Anil Kurup, Department of Radiology, Mayo Clinic, 200 First St SW, Rochester, MN 55902, USA. e-mail: firstname.lastname@example.org
Study Type – Prognosis (case series)
Level of Evidence 4
What's known on the subject? and What does the study add?
Growth of small renal masses has been shown to be variable, with mean growth rates ranging from 1 to 5 mm/year in several series. Small numbers of oncocytomas in these series show similar but variable growth rates of 0.5–5.2 cm/year with no statistically significant difference compared with RCCs.
This study gathered growth rate data from the largest pool (n= 33) of pathologically proven oncocytomas to date, using current imaging techniques. Primarily, it confirms the variable growth of renal oncocytomas over an extended period of time with mean (sd) growth of 2.9 (2.6) mm/year over a mean of 36 months. Observed oncocytoma growth was equivalent to that previously established for RCCs, and small renal masses generally, under surveillance. Secondarily, we found considerable similarity in tumour measurements between observers, suggesting that even low growth rates may be reproducibly documented.

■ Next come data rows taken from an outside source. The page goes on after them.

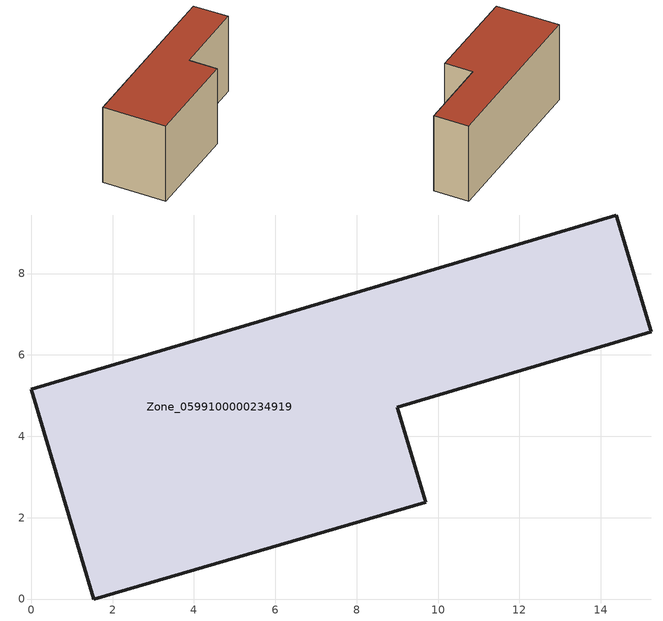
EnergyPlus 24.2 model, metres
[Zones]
Zone_0599100000234919
 floor ground (C_G): 0,5.16 14.38,9.44 15.24,6.57 9,4.71 9.7,2.38 1.54,0 z0
 wall outside (C_F): 1.54,0 9.7,2.38 9,4.71 15.24,6.57 14.38,9.44 0,5.16 1.54,0 z0:6.99
 roof outside (C_R): 14.38,9.44 0,5.16 1.54,0 9.7,2.38 9,4.71 15.24,6.57 z6.99
[BUILDING]
Pand.0599100000234919: North Axis=0; Terrain=City; Loads Convergence Tolerance Value=0.04; Temperature Convergence Tolerance Value=0.4; Solar Distribution=FullExterior; Maximum Number of Warmup Days=25; Minimum Number of Warmup Days=1
[Site:Location]
Rotterdam.The.Hague.AP_ZH_NLD Design_Conditions: Latitude=51.96; Longitude=4.45; Time Zone=1; Elevation=-4.5
[SITE:GROUNDTEMPERATURE:BUILDINGSURFACE]
18, 18, 18, 18, 18, 18, 18, 18, 18, 18, 18, 18
[MATERIAL] Thermal Absorptance=0.9; Solar Absorptance=0.7; Visible Absorptance=0.7
Name | Roughness | Thickness | Conductivity | Density | Specific Heat
G.TI.1975-1991 | MediumSmooth | 0.15 | 0.288461 | 540 | 1210
F.TI.1975-1991 | Rough | 0.3 | 0.230769 | 1920 | 840
R.TI.1975-1991 | MediumRough | 0.2 | 0.153846 | 1500 | 1000
[CONSTRUCTION]
C_G: G.TI.1975-1991
C_F: F.TI.1975-1991
C_R: R.TI.1975-1991
[ZONE]
Zone_0599100000234919: Type=1; Multiplier=1; Ceiling Height=Autocalculate; Volume=Autocalculate; Floor Area=autocalculate; Part of Total Floor Area=Yes
[ZONEINFILTRATION:DESIGNFLOWRATE]
Infil_Zone_0599100000234919: Zone or ZoneList or Space or SpaceList=Zone_0599100000234919; Schedule=AlwaysOn; Design Flow Rate Calculation Method=Flow/Area; Flow Rate per Floor Area=0.003; Constant Term Coefficient=1; Temperature Term Coefficient=0; Velocity Term Coefficient=0; Velocity Squared Term Coefficient=0
[HVACTEMPLATE:ZONE:IDEALLOADSAIRSYSTEM]
Zone_0599100000234919: Maximum Heating Supply Air Temperature=50; Minimum Cooling Supply Air Temperature=13; Maximum Heating Supply Air Humidity Ratio=0.0156; Minimum Cooling Supply Air Humidity Ratio=0.0077; Heating Limit=NoLimit; Cooling Limit=NoLimit; Dehumidification Control Type=ConstantSensibleHeatRatio; Cooling Sensible Heat Ratio=0.7; Dehumidification Setpoint=60; Humidification Control Type=None; Humidification Setpoint=30; Outdoor Air Method=None; Outdoor Air Flow Rate per Person=0.00944; Outdoor Air Flow Rate per Zone Floor Area=0; Outdoor Air Flow Rate per Zone=0; Demand Controlled Ventilation Type=None; Outdoor Air Economizer Type=NoEconomizer; Heat Recovery Type=None; Sensible Heat Recovery Effectiveness=0.7; Latent Heat Recovery Effectiveness=0.65
[ZONECONTROL:THERMOSTAT]
ThermostatControl_Zone_0599100000234919: Zone or ZoneList=Zone_0599100000234919; Control Type Schedule=DualSetpointControlType; Control 1=Thermostat_Zone_0599100000234919; Temperature Difference Between Cutout And Setpoint=0
[THERMOSTATSETPOINT:DUALSETPOINT]
Thermostat_Zone_0599100000234919: Heating Setpoint Temperature Schedule=HeatingSetpoint_Zone_0599100000234919; Cooling Setpoint Temperature Schedule=CoolingSetpoint_Zone_0599100000234919
[SCHEDULE:COMPACT]
HeatingSetpoint_Zone_0599100000234919: Through: 12/31, For: AllDays, Until: 24:00, 21
CoolingSetpoint_Zone_0599100000234919: Through: 12/31, For: AllDays, Until: 24:00, 24
DualSetpointControlType: Through: 12/31, For: AllDays, Until: 24:00, 4
AlwaysOn: Through: 12/31, For: AllDays, Until: 24:00, 1

• To describe the growth rates of oncocytomas before treatment with surgical resection or percutaneous ablation.
PATIENTS AND METHODS
• This single-institution retrospective study included 33 consecutive, pathologically proven renal oncocytomas with serial contrast-enhanced computed tomography scans spanning at least 1 year before intervention, from 2000 to 2009.
• Tumours were measured by two radiologists, and growth rates and interobserver variability were calculated.
• The mean (range) pre-procedural imaging surveillance period was 36 (12–124) months (median 33 months).
• The mean (sd) oncocytoma size was 17 (11) mm (range 4–47 mm, median 15 mm) in maximum transverse diameter on initial imaging and grew to a mean (sd) of 26 (5) mm (range 10–83 mm, median 23 mm) by the time of treatment.
• Overall, the mean (sd) and median growth rates were 2.9 (2.6) mm/year and 2.7 mm/year, respectively (range −1.2–10.9 mm/year). After weighting by the se of each tumour's growth rate, the mean (sd) change was 2.1 (1.2) mm/year.
• The mean (range) interobserver variability for each tumour measurement was 1 (0–7) mm with an intraclass correlation coefficient of 0.99.
• Renal oncocytomas grow at a rate similar to reported growth rates of renal cell carcinoma.
• As the observation of growth does not distinguish between benign and malignant renal tumours, growth of small renal masses under active surveillance should be carefully considered before a switch is made to intervention.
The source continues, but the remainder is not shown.